In einem phylogenetisch konstruierten Kladogramm gibt es im Idealfall nur dichotome Verzweigungen, Polytomien sind theoretisch nicht vorgesehen. Allerdings stimmt es tatsächlich, das häufig ein Beleg für eine klare Dichotomie fehlt und entsprechend ein Kladogramm mit Polytomien veröffentlicht wird. Die stellt allerdings immer nur ein aktuelles Ergebnis dar und kann nie die realen Verwandtschaftsverhältnisse spiegeln (es sei denn, man nimmt ernsthaft den nahezu unmöglichen Fall der parallelen und zeitgleichen Entstehung mehrerer Arten aus einer Stammart an bsp. durch den hypothetischen Zerfall eienr Inselpopulation in drei oder mehr vollkommen genetische Teilpopulationen und die danach absolut parallel verlaufende Speziation.) Ein Abschnitt mit einer Diskussion zu Polytomien kann dem Artikel sicher nicht schaden, solang er sachlich und auf wissenschaftlich haltbare Quellen referenziert ist. Dies sollte im Rahmen eines kompetenten Gesamtausbaus des Artikels geschehen - wer traut sich? -- Achim Raschka 17:44, 13. Jun 2006 (CEST)

Was ganz anderes[Quelltext bearbeiten]

Es ist ja gut, wenn es zu einem Wikipedia-Artikel eine ausfuehrlich, inhaltliche Debatte gibt.

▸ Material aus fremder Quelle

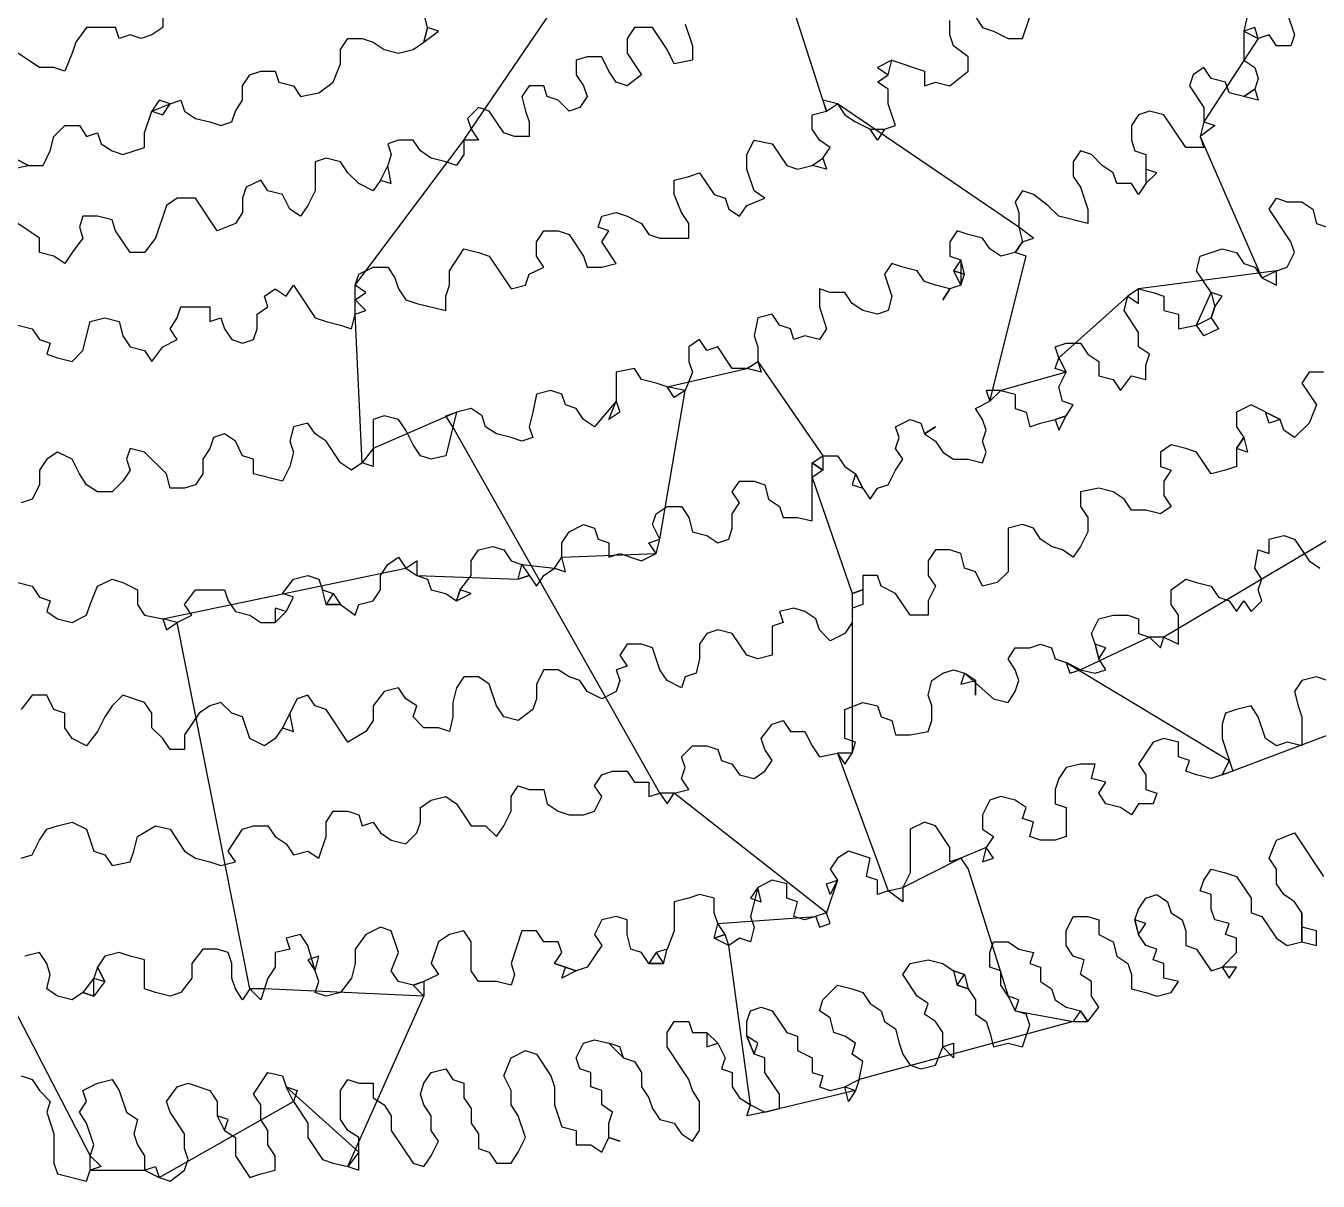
# Model space of a CAD drawing. Header units: metres. Extents: x 15 to 2853, y 44 to 1438.
# Drawn here: x 2241.2 to 2597.5, y 530 to 848.5 of the extents above; entities that cross this region are included whole.
import ezdxf

# ---------------------------------------------------------------- set-up
doc = ezdxf.new("R2010")
doc.units = ezdxf.units.M
doc.layers.add('Draw', color=2, linetype='CONTINUOUS')
doc.layers.add('Skip', color=1, linetype='CONTINUOUS')

msp = doc.modelspace()

# ---------------------------------------------------------------- linework, layer by layer
at = {"layer": 'draw'}
for p, q in [((2279, 852), (2279, 848)), ((2352, 848), (2351, 852)), ((2589, 852), (2591, 846)), ((2258, 848), (2255, 844)), ((2266, 848), (2258, 848)), ((2267, 845), (2266, 848)), ((2279, 848), (2276, 846)), ((2352, 848), (2351, 844)), ((2355, 847), (2352, 848)), ((2409, 848), (2407, 845)), ((2414, 848), (2409, 848)), ((2418, 842), (2414, 848)), ((2423, 849), (2425, 843)), ((2496, 846), (2496, 850)), ((2503, 851), (2505, 848)), ((2505, 848), (2508, 847)), ((2516, 845), (2518, 851)), ((2580, 848), (2577, 847)), ((2581, 845), (2580, 848)), ((2270, 846), (2267, 845)), ((2273, 845), (2270, 846)), ((2276, 846), (2273, 845)), ((2328, 842), (2330, 845)), ((2330, 845), (2334, 845)), ((2334, 845), (2337, 844)), ((2351, 844), (2355, 847)), ((2407, 845), (2407, 841)), ((2497, 843), (2496, 846)), ((2508, 847), (2512, 845)), ((2512, 845), (2516, 845)), ((2577, 847), (2577, 839)), ((2577, 847), (2581, 845)), ((2584, 846), (2581, 845)), ((2586, 843), (2584, 846)), ((2591, 846), (2590, 843)), ((2245, 837), (2239, 841)), ((2254, 841), (2252, 836)), ((2255, 844), (2254, 841)), ((2328, 838), (2328, 842)), ((2337, 844), (2340, 842)), ((2340, 842), (2344, 841)), ((2344, 841), (2348, 842)), ((2348, 842), (2351, 844)), ((2407, 841), (2411, 835)), ((2420, 838), (2418, 842)), ((2425, 843), (2425, 839)), ((2501, 840), (2497, 843)), ((2590, 843), (2586, 843)), ((2326, 833), (2328, 838)), ((2396, 840), (2393, 839)), ((2393, 839), (2393, 835)), ((2400, 840), (2396, 840)), ((2402, 836), (2400, 840)), ((2425, 839), (2420, 838)), ((2480, 839), (2476, 837)), ((2479, 835), (2480, 839)), ((2480, 839), (2489, 836)), ((2501, 836), (2501, 840)), ((2577, 839), (2580, 837)), ((2249, 837), (2245, 837)), ((2252, 836), (2249, 837)), ((2301, 832), (2303, 835)), ((2303, 835), (2306, 836)), ((2306, 836), (2310, 836)), ((2310, 836), (2311, 833)), ((2393, 835), (2395, 832)), ((2404, 833), (2402, 836)), ((2411, 835), (2407, 832)), ((2476, 837), (2479, 835)), ((2476, 833), (2479, 835)), ((2489, 836), (2489, 832)), ((2563, 835), (2562, 832)), ((2566, 837), (2563, 835)), ((2568, 834), (2566, 837)), ((2572, 833), (2568, 834)), ((2580, 837), (2581, 834)), ((2581, 834), (2580, 831)), ((2301, 828), (2301, 832)), ((2311, 833), (2315, 832)), ((2315, 832), (2317, 829)), ((2322, 830), (2326, 833)), ((2380, 832), (2378, 829)), ((2384, 832), (2380, 832)), ((2385, 829), (2384, 832)), ((2395, 832), (2396, 829)), ((2407, 832), (2404, 833)), ((2479, 831), (2476, 833)), ((2479, 827), (2479, 831)), ((2489, 832), (2492, 833)), ((2492, 833), (2496, 832)), ((2562, 832), (2566, 826)), ((2573, 830), (2572, 833)), ((2580, 831), (2577, 829)), ((2580, 831), (2581, 828)), ((2278, 828), (2276, 825)), ((2281, 827), (2278, 828)), ((2279, 824), (2281, 827)), ((2281, 827), (2284, 828)), ((2284, 828), (2285, 825)), ((2299, 825), (2301, 828)), ((2378, 829), (2379, 825)), ((2388, 828), (2385, 829)), ((2391, 825), (2388, 828)), ((2396, 829), (2394, 826)), ((2465, 827), (2461, 828)), ((2461, 828), (2462, 825)), ((2462, 825), (2465, 827)), ((2465, 827), (2467, 824)), ((2481, 821), (2479, 827)), ((2581, 828), (2573, 830)), ((2274, 819), (2276, 825)), ((2276, 825), (2279, 824)), ((2285, 825), (2288, 823)), ((2288, 823), (2292, 822)), ((2298, 822), (2299, 825)), ((2366, 826), (2363, 823)), ((2363, 823), (2364, 820)), ((2369, 825), (2366, 826)), ((2373, 819), (2369, 825)), ((2379, 825), (2380, 822)), ((2394, 826), (2391, 825)), ((2458, 824), (2462, 825)), ((2458, 820), (2458, 824)), ((2467, 824), (2470, 822)), ((2548, 824), (2546, 821)), ((2551, 825), (2548, 824)), ((2555, 824), (2551, 825)), ((2561, 815), (2555, 824)), ((2566, 826), (2566, 822)), ((2249, 818), (2252, 821)), ((2252, 821), (2256, 821)), ((2256, 821), (2258, 818)), ((2292, 822), (2295, 821)), ((2295, 821), (2298, 822)), ((2362, 817), (2364, 820)), ((2364, 820), (2366, 817)), ((2380, 822), (2380, 818)), ((2460, 817), (2458, 820)), ((2470, 822), (2474, 820)), ((2474, 820), (2478, 820)), ((2476, 817), (2474, 820)), ((2478, 820), (2476, 817)), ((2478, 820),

Aber auch sprachlich waere an dem Artikel vielleicht noch was zu tun.

Saetze wie:

Die phylogenetische Systematik zielt darauf ab, ein System der Organismen zu erstellen, welches ausschließlich auf phylogenetischer Verwandtschaft basiert. Gruppen innerhalb eines solchen Systems müssen monophyletisch sein.


helfen mir als Laien, der eigentlich nur wissen wollte, was polyphylum (im Artikel Bueffel) bedeutet und zu Kladistik weitergeleitet wurde, nicht im geringsten weiter. 149.217.1.6 11:26, 14. Aug 2006 (CEST)


Allgemeine Anmerkung[Quelltext bearbeiten]

Ich finde es sehr merkwürdig, dass wenn ich "phylogenetische Systematik" als Suchbegriff eingebe, sofort zum Artikel "Kladistik" weitergeleitet werde, um dort als ersten Satz zu lesen:

"Die Kladistik (von griechisch κλάδος klados „Ast“, „Verästelung“) – ungenau auch oft mit phylogenetischer Systematik gleichgesetzt.."

Es wird also im ersten Satz des Artikels als "ungenau" bezeichnet beides gleichzusetzen, gebe ich allerdings "phylogenetische Systematik" ein, geschieht genau das. (nicht signierter Beitrag von 88.73.18.70 (Diskussion) 14:38, 31. Okt. 2012 (CET))

Wikipedia ist ein Lexikon![Quelltext bearbeiten]

Erstens:

Meinem Vorschreiber ("Was ganz anderes") kann ich nur beipflichten und muss ergänzen, dass in einem Lexikon dem Nachschlagenden etwas, in der Regel ein Begriff, erklärt wird. Wenn ich den ersten Absatz in "Zielsetzung der Kladistik" lese, werden sofort drei bis vier neue unbekannte Fachbegriffe eingeführt, die unstrukturiert aufeinander verweisen und kreuz und quer sich gegenseitig zu erklären versuchen. Damit ist dem Leser nicht geholfen.

Die Einleitung - Erklärung des Lemma - ist auch nicht wirklich gelungen. Wozu dient die Methode? phylogenetische Systematik ist keine Erklärung; es gibt nicht einmal einen Artikel dazu, als Verweis...

Hilfe gibt's gleich hier zu:


Zweitens:

Eine Wikipedia Diskussionsseite dient in erster Linie der Diskussion über den Artikel selbst, über seine Struktur, der Präsentation und Konsistenz seines Inhalts, jedoch nicht der Diskussion über das Thema oder der Konsolidierung der dargestellten Inhalte an sich. Dies kann im Einzelfall zwar notwendig sein, sollte sich aber auf die Verbesserung eines bereits existierenden oder der konsolidierten Ergänzung eines Inhalts beschränken. Dazu und zum Thema dieses Artikels sollte auf passenderen Plattformen wie Internet-Foren und dergleichen diskutiert werden, da es hier den Rahmen sprengt.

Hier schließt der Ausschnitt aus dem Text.